Material shown –
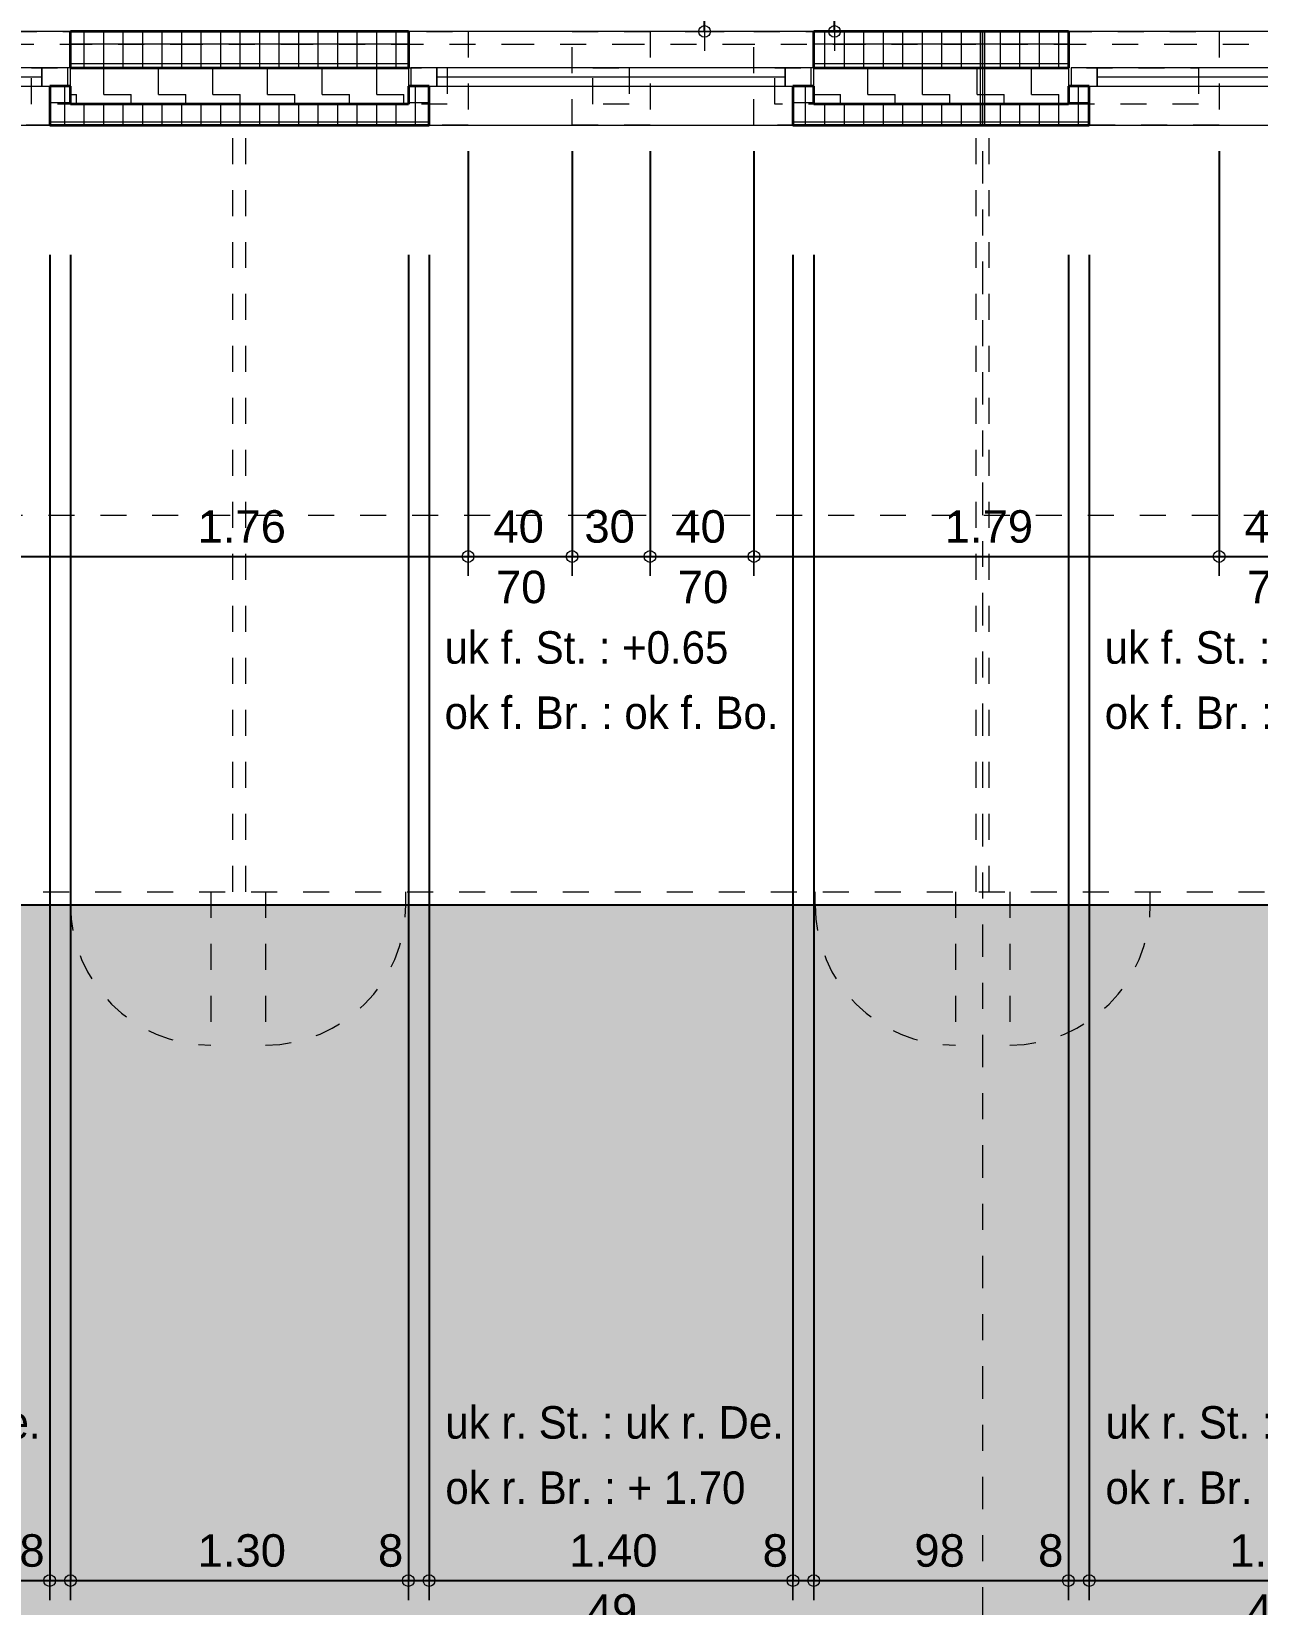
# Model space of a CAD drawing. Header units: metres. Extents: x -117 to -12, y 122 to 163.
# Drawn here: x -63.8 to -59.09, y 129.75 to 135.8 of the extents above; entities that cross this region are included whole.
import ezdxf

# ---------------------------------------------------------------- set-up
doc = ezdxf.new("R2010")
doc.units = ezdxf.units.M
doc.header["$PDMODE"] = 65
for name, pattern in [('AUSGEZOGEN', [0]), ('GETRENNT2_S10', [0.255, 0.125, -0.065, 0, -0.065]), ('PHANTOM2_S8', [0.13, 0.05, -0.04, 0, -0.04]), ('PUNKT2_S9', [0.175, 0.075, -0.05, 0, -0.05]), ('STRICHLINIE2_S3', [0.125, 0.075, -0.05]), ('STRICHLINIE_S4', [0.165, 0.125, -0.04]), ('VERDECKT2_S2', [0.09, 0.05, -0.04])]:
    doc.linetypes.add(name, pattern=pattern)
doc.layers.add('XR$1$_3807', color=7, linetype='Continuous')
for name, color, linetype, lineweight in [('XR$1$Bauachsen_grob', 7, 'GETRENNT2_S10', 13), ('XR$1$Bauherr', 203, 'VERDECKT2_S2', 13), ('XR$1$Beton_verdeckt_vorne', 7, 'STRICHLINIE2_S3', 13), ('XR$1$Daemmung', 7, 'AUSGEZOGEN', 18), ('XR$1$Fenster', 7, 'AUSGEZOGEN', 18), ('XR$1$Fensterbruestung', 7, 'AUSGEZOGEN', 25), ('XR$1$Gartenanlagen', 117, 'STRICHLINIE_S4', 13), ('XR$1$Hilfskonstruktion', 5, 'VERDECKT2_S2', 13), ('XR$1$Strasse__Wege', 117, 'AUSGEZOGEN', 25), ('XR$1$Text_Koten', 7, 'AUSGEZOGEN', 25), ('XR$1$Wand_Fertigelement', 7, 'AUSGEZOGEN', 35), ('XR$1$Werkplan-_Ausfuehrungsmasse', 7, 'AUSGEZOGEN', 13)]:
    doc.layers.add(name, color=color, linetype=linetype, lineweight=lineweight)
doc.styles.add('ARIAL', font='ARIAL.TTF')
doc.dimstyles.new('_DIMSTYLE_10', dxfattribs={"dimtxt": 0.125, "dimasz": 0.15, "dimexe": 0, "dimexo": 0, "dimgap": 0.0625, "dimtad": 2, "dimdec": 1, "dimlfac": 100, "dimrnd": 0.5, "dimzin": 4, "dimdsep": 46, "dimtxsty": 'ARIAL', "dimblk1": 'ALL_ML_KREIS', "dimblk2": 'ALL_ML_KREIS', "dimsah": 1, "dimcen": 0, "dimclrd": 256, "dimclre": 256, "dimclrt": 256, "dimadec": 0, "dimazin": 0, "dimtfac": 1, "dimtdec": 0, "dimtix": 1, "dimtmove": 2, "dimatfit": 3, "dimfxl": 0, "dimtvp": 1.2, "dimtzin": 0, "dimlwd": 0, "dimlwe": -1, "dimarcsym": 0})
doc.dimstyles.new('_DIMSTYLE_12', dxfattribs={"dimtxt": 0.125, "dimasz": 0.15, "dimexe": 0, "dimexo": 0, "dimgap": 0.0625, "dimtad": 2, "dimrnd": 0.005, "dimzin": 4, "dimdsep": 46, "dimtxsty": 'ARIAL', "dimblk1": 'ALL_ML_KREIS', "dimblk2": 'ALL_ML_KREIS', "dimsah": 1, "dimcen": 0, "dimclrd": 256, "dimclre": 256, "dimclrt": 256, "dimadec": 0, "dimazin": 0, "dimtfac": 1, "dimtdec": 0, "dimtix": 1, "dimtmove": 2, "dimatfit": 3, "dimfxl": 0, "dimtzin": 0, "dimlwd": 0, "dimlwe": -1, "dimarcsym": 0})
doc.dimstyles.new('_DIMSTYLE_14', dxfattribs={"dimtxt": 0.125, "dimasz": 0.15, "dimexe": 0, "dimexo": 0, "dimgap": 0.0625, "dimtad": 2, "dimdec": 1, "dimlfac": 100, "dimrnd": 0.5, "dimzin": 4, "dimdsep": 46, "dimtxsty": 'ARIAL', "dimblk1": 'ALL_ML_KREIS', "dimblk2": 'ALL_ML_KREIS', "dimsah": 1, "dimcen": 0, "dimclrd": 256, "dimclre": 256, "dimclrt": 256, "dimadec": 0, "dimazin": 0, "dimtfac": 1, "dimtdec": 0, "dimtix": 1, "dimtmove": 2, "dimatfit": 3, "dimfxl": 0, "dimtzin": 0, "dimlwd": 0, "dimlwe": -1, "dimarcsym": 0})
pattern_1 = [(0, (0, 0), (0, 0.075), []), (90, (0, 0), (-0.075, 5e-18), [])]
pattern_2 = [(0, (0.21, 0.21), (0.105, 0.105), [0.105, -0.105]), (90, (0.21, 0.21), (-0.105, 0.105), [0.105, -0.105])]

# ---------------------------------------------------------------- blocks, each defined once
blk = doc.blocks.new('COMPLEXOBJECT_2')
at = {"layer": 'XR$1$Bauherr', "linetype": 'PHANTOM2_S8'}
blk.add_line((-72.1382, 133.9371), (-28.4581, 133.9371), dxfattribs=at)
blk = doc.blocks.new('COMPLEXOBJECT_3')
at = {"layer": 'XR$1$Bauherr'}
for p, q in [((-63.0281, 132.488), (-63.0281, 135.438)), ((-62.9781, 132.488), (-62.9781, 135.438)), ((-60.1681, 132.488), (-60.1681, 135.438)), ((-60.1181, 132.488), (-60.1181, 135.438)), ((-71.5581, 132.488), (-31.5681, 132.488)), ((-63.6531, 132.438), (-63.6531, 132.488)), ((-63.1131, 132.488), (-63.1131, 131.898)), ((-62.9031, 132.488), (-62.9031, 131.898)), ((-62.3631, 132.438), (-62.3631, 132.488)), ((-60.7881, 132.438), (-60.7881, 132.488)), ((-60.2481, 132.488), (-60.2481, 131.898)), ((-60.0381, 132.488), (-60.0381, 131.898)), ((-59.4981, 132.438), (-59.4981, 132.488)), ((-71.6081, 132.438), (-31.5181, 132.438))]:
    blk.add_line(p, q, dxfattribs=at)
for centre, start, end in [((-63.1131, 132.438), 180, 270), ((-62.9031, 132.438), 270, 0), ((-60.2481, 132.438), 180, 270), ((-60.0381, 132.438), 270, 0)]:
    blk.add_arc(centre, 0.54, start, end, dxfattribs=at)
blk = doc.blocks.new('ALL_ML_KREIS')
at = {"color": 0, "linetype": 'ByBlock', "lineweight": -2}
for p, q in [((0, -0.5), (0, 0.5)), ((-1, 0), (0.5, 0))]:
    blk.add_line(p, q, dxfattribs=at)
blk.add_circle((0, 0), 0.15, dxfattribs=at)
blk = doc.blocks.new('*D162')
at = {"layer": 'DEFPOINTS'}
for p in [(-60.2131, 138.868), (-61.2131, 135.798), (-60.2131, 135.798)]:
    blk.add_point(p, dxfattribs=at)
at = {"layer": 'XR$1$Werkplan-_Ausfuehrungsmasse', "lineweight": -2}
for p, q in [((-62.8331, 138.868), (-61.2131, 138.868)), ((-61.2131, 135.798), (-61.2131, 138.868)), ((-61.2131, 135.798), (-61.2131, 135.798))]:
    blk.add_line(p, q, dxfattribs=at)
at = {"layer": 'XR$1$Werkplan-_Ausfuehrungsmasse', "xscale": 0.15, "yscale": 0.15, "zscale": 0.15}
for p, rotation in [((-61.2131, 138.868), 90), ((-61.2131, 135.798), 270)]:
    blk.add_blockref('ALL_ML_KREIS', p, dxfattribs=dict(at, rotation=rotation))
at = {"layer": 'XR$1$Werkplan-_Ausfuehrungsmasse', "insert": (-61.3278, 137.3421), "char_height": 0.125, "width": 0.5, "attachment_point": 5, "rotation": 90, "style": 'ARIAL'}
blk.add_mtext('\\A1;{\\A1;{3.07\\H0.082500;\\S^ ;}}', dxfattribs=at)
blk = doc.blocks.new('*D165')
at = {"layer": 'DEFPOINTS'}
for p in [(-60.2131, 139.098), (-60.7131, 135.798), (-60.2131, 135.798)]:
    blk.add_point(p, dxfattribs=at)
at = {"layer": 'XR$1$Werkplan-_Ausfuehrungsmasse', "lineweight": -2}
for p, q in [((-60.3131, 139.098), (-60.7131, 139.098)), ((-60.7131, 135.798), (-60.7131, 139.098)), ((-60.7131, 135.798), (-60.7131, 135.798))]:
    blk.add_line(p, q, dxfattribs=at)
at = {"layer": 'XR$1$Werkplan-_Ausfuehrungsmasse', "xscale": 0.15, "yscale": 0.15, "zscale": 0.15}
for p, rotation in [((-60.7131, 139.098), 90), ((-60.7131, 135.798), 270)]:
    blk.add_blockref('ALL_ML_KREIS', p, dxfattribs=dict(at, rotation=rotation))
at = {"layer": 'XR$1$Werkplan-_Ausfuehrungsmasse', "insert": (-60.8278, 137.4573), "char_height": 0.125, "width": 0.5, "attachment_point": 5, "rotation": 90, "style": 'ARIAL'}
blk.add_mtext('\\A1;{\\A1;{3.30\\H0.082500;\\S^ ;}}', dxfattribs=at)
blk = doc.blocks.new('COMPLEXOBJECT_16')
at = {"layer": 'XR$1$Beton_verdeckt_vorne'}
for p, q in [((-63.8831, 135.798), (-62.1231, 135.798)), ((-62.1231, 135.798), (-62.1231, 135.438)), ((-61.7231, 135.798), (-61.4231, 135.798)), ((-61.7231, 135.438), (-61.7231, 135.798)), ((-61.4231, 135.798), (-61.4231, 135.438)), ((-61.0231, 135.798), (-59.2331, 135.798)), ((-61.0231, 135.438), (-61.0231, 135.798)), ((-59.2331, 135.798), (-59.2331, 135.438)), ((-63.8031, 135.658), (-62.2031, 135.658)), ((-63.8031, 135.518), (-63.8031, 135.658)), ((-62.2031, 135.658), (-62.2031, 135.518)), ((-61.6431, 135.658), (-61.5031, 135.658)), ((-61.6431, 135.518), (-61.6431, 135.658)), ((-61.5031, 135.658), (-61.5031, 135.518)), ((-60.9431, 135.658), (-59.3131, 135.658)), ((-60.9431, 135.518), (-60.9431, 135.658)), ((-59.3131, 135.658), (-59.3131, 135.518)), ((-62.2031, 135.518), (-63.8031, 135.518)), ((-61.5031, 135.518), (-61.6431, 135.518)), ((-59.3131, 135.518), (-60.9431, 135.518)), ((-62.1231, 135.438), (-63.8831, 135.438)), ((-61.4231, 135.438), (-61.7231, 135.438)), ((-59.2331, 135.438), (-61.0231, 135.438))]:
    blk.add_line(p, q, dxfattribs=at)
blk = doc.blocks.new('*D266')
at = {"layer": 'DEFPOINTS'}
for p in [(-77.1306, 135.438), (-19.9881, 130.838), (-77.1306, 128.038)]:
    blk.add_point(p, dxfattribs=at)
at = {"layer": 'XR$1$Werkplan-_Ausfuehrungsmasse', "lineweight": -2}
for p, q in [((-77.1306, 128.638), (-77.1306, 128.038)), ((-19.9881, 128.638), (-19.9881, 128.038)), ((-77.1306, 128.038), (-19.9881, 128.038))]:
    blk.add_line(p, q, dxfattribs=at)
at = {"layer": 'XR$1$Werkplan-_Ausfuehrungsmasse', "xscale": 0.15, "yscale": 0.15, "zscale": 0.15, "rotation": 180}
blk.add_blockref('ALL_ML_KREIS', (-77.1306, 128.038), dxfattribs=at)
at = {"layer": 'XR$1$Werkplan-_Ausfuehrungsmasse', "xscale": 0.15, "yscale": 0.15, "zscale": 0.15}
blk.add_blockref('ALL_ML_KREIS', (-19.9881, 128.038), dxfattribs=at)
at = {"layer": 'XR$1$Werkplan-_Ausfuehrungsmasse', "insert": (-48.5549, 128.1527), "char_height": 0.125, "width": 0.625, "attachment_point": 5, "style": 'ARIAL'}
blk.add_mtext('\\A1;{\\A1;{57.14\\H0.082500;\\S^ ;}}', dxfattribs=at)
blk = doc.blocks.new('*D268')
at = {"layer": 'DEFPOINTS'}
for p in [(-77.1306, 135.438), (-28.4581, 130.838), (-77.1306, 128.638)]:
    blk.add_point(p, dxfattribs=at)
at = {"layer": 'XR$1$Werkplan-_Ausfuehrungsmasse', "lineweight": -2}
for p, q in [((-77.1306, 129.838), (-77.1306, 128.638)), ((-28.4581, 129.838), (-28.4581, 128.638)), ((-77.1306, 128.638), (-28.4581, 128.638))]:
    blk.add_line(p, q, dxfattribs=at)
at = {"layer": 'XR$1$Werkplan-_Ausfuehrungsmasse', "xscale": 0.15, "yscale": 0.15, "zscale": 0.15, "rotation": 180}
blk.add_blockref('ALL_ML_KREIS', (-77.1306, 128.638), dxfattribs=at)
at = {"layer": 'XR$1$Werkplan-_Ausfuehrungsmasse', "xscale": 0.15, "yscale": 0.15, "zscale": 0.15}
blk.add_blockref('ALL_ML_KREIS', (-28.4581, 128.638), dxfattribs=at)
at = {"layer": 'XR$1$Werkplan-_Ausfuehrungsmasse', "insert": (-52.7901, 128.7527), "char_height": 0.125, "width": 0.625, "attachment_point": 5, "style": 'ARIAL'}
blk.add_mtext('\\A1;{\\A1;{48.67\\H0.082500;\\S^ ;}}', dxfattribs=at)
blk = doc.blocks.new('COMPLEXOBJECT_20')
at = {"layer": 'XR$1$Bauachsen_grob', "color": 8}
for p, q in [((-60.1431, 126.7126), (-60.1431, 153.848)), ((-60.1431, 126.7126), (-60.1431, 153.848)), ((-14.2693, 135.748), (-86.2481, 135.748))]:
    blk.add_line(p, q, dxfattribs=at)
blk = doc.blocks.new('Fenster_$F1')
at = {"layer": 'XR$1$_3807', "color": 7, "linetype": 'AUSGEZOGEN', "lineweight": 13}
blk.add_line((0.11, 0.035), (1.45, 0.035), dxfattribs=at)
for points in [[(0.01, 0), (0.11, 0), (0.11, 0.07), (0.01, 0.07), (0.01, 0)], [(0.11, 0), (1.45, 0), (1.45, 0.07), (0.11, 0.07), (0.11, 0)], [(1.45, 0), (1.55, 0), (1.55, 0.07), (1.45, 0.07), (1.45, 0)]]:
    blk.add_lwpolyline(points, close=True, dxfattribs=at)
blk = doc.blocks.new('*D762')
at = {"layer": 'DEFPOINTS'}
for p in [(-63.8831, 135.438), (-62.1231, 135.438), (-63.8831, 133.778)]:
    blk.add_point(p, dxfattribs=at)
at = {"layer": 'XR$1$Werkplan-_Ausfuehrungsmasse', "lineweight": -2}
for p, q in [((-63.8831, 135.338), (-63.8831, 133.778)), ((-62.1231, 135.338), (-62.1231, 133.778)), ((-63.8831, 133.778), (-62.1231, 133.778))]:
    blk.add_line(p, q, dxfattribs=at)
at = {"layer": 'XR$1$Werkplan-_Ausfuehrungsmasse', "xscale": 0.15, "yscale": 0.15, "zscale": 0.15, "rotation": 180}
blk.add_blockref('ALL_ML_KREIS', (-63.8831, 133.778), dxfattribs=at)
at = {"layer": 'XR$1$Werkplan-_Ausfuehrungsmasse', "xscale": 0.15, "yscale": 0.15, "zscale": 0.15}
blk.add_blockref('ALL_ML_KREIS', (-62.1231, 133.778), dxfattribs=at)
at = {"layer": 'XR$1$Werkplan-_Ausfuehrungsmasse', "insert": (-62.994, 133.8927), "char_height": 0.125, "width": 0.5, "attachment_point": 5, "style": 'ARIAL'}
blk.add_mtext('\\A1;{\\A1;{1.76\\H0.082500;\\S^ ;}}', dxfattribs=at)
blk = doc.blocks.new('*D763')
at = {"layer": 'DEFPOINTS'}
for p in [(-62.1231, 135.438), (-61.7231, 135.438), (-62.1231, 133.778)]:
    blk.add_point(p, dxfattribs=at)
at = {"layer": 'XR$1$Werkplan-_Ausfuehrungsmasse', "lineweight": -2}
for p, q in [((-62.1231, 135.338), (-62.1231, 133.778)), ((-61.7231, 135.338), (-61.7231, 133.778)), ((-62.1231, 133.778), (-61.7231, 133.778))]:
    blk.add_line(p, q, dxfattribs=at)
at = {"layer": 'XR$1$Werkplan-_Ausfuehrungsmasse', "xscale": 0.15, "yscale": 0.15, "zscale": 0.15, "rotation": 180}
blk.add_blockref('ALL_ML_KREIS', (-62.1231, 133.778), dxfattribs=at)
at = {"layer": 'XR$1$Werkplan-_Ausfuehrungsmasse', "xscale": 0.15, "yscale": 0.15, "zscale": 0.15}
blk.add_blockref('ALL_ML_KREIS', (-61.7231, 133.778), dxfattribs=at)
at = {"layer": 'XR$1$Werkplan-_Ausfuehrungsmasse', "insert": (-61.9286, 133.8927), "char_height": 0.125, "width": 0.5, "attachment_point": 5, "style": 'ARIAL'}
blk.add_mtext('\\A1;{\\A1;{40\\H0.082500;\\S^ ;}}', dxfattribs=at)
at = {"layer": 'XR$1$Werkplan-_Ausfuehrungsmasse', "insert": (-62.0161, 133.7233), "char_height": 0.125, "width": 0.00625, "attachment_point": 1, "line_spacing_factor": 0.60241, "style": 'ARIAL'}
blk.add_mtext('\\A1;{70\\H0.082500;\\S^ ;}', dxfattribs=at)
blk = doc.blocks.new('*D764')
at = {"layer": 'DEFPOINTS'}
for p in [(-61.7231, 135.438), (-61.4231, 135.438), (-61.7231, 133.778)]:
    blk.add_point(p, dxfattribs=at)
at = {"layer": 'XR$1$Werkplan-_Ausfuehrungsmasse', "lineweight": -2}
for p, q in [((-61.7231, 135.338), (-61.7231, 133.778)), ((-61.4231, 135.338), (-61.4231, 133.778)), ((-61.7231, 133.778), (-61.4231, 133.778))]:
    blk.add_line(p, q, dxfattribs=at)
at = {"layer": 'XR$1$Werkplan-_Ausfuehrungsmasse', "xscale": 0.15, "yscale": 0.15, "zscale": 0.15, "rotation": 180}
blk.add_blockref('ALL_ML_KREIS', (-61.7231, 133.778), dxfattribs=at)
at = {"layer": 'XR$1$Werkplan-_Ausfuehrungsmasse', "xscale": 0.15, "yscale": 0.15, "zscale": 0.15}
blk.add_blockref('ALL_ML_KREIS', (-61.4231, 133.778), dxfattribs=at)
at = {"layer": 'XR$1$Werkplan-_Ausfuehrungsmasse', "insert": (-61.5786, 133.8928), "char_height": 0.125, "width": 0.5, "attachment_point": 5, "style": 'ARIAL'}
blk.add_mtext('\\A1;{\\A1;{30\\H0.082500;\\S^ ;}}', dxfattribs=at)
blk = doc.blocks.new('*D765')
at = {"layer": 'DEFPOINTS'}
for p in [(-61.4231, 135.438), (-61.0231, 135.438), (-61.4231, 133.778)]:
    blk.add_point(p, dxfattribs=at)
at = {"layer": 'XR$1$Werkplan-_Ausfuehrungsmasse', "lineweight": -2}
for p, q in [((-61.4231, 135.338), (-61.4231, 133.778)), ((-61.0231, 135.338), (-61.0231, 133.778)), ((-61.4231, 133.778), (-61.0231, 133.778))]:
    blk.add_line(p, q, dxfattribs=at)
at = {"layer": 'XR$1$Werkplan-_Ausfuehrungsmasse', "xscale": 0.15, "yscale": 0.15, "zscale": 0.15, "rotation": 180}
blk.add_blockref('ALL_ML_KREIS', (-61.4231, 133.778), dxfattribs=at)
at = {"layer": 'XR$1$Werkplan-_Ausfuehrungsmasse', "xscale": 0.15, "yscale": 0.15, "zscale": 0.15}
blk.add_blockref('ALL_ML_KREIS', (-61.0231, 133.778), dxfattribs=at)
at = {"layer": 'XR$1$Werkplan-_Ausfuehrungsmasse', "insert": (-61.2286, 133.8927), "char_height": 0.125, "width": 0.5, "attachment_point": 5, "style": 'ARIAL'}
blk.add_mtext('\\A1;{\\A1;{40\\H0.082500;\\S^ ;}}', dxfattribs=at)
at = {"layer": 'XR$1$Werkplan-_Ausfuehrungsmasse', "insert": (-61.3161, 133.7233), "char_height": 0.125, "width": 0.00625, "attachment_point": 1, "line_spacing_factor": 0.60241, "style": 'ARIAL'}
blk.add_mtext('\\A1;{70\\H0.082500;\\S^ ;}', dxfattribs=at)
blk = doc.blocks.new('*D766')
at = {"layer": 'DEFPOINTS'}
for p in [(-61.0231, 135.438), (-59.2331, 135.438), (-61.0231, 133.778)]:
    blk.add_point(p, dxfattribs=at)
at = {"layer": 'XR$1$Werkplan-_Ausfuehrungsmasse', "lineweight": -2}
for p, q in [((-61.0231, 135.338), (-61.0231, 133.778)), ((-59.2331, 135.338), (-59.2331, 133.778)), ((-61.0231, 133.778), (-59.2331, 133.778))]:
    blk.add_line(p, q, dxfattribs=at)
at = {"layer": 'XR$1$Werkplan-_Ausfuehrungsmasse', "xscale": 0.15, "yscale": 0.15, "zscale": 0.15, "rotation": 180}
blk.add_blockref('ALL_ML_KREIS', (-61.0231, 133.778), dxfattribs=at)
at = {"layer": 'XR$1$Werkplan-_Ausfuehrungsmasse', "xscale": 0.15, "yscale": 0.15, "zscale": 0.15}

Work to be completed – Every line above from the line with "color=color, linetype=linetype, lineweight=lineweight)" to the line with "doc.styles.add('ARIAL', font='ARIAL.TTF')" is wanted, ends included; write them out exactly and add no other line.

Exercise answer –
    doc.layers.add(name, color=color, linetype=linetype, lineweight=lineweight)
doc.styles.add('ARIAL', font='ARIAL.TTF')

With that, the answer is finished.